Sort through the entries below and pull out lines containing the word "Clear".

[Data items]
:::::
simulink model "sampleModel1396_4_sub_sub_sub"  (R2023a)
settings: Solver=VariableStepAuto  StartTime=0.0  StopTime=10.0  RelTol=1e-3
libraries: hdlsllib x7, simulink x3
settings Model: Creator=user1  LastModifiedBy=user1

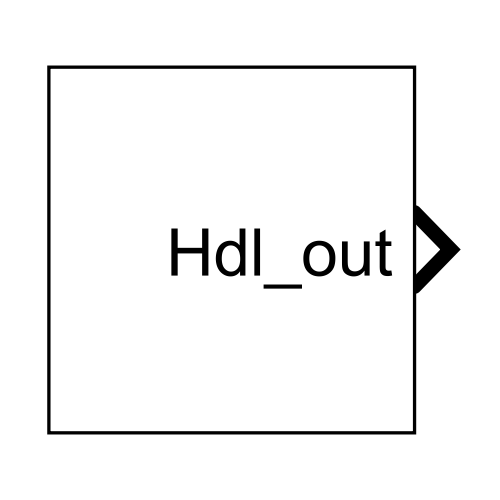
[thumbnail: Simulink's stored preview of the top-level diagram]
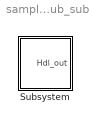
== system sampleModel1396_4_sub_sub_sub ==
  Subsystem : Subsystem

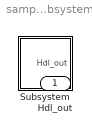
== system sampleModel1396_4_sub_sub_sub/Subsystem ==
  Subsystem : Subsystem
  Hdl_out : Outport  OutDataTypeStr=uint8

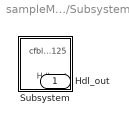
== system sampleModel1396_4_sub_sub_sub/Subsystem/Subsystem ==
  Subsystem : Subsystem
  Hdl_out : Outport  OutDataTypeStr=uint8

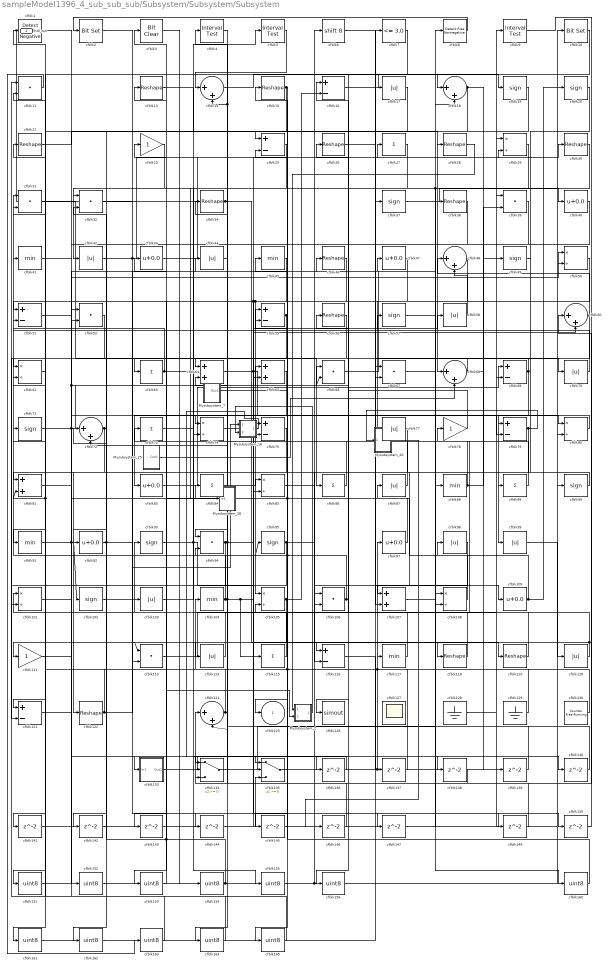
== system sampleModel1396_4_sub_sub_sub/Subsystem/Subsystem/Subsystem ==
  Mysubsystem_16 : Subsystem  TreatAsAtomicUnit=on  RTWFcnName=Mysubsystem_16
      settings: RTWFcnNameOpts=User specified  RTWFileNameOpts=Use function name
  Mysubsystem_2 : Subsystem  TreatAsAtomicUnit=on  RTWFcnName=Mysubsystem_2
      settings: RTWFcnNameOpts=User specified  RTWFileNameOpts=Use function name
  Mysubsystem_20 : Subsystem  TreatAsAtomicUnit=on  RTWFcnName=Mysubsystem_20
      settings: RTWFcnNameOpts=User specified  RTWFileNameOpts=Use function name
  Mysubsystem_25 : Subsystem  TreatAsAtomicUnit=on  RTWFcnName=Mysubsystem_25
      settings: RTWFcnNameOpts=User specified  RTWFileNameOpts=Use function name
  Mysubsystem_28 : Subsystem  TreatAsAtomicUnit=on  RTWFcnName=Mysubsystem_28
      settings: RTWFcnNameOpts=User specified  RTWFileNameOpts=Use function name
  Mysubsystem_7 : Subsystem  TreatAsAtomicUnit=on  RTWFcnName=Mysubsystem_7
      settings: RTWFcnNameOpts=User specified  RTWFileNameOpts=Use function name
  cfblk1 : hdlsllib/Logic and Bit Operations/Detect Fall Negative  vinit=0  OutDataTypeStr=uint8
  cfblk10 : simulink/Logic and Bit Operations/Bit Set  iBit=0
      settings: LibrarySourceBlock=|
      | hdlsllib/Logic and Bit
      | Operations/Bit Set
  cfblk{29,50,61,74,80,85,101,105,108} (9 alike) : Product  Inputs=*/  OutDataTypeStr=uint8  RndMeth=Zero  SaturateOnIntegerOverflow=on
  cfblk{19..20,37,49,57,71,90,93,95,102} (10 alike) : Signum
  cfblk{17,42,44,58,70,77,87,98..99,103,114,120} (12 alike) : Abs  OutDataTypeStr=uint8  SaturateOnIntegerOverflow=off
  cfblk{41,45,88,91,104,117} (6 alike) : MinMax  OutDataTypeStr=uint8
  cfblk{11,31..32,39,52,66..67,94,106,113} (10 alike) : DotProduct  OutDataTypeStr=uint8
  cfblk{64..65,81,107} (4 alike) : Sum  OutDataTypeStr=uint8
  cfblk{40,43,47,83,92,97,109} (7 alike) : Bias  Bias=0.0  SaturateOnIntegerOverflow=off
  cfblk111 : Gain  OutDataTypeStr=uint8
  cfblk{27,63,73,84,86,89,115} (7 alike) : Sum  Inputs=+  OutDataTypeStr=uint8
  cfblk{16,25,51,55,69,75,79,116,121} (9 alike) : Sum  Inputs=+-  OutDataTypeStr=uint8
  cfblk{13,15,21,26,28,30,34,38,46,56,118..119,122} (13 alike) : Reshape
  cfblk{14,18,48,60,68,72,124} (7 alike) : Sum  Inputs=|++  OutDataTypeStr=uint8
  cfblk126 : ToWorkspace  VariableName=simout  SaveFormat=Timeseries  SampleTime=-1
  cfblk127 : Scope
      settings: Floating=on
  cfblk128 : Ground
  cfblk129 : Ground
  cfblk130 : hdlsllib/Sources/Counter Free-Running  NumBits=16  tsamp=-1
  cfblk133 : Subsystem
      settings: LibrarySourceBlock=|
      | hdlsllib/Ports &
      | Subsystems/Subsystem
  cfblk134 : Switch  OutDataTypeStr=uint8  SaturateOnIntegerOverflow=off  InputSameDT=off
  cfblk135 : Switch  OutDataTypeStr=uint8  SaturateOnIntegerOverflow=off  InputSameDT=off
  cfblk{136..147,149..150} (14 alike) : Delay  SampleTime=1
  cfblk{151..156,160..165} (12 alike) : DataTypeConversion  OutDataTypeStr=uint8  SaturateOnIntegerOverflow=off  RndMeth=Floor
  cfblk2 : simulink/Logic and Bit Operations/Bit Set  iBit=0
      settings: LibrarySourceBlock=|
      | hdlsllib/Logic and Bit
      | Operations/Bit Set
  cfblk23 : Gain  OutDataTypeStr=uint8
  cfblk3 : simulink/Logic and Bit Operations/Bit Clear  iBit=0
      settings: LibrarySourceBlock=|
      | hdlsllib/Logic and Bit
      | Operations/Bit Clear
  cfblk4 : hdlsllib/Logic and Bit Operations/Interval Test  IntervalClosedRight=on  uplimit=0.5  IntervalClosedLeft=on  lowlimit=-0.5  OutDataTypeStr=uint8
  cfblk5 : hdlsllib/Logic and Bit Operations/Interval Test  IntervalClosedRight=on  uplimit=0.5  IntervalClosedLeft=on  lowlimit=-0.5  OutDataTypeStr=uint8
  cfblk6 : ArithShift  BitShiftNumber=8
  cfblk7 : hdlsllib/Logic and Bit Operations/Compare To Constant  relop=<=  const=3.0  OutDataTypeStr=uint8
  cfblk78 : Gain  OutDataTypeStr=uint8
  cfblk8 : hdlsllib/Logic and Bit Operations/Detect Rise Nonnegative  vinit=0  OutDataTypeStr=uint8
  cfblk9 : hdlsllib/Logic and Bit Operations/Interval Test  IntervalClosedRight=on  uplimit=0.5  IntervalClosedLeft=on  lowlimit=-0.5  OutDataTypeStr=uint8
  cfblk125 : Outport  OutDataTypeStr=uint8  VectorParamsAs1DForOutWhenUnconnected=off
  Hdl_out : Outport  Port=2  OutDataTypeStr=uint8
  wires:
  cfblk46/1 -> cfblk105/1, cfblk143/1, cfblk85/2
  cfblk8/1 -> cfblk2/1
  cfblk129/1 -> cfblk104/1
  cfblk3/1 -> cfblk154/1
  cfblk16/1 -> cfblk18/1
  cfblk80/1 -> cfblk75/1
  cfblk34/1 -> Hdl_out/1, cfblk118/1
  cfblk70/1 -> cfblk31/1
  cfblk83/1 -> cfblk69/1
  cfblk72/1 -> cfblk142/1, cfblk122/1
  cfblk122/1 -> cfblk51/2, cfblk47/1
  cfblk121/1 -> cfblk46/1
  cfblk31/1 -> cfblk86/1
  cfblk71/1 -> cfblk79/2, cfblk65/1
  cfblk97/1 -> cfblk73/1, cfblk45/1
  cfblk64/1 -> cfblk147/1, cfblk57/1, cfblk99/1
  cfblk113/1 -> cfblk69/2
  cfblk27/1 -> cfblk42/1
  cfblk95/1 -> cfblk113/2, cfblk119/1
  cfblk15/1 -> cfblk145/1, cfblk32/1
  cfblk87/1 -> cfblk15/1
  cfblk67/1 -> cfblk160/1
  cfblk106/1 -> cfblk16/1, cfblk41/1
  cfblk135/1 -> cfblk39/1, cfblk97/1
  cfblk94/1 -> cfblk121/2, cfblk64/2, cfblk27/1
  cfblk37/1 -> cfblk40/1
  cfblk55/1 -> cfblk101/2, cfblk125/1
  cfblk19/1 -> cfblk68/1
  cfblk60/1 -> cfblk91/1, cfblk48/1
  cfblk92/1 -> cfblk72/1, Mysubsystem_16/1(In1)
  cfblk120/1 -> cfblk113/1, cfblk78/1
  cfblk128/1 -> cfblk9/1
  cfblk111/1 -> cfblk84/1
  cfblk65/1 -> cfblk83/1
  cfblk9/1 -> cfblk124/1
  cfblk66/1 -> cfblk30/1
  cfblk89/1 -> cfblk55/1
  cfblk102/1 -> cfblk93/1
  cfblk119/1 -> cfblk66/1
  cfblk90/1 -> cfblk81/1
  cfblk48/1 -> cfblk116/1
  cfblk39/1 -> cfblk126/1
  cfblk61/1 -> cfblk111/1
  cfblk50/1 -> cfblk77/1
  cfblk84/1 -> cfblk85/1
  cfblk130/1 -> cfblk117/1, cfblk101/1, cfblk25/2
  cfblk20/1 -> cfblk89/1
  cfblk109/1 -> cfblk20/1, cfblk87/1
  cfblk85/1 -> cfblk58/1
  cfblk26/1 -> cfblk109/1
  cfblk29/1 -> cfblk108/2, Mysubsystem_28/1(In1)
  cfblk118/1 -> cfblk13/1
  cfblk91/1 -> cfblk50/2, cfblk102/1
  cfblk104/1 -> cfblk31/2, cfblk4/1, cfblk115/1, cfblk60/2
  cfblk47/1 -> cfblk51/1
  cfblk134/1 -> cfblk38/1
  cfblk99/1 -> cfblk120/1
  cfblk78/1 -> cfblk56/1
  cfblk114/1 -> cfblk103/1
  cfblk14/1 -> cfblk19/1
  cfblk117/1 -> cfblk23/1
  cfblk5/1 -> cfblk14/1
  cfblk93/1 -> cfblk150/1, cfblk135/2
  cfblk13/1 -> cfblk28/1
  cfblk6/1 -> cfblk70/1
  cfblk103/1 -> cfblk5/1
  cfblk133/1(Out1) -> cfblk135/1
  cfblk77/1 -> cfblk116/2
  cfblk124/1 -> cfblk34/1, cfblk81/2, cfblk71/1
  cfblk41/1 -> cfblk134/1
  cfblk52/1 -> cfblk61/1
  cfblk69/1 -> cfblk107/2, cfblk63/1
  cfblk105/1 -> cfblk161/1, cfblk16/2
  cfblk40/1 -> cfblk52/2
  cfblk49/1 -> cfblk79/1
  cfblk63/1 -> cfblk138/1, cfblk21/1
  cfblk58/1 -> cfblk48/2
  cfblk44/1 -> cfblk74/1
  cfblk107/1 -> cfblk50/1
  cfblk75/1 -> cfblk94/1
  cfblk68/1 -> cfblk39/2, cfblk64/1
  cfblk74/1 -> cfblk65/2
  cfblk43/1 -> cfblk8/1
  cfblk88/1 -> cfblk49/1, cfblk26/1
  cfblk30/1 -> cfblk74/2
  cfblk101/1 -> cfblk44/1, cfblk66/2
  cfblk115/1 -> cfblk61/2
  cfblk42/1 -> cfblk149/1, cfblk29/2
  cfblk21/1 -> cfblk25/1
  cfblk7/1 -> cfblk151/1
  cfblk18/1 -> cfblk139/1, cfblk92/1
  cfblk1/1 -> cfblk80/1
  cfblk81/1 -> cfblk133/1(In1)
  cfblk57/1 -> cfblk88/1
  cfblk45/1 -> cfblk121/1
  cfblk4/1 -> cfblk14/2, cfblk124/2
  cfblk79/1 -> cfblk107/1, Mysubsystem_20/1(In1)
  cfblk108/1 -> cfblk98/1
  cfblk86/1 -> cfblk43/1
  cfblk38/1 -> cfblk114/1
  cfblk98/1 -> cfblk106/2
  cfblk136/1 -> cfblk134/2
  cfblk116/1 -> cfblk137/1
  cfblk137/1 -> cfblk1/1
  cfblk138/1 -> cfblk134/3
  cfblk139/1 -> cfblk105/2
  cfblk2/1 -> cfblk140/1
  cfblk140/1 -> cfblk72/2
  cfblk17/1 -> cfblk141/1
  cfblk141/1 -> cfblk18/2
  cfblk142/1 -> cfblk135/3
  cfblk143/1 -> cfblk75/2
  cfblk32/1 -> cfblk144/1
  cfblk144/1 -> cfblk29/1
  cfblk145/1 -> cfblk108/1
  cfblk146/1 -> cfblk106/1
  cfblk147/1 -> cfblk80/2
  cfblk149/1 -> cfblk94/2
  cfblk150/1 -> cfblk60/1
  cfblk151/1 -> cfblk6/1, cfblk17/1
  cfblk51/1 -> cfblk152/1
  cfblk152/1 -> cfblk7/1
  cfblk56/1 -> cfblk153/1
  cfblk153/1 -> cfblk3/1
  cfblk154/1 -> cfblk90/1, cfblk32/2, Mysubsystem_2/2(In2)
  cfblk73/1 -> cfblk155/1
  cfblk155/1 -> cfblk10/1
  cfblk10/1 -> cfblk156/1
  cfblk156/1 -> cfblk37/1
:::::
● RESULT
  cfblk3 : simulink/Logic and Bit Operations/Bit Clear  iBit=0
      | Operations/Bit Clear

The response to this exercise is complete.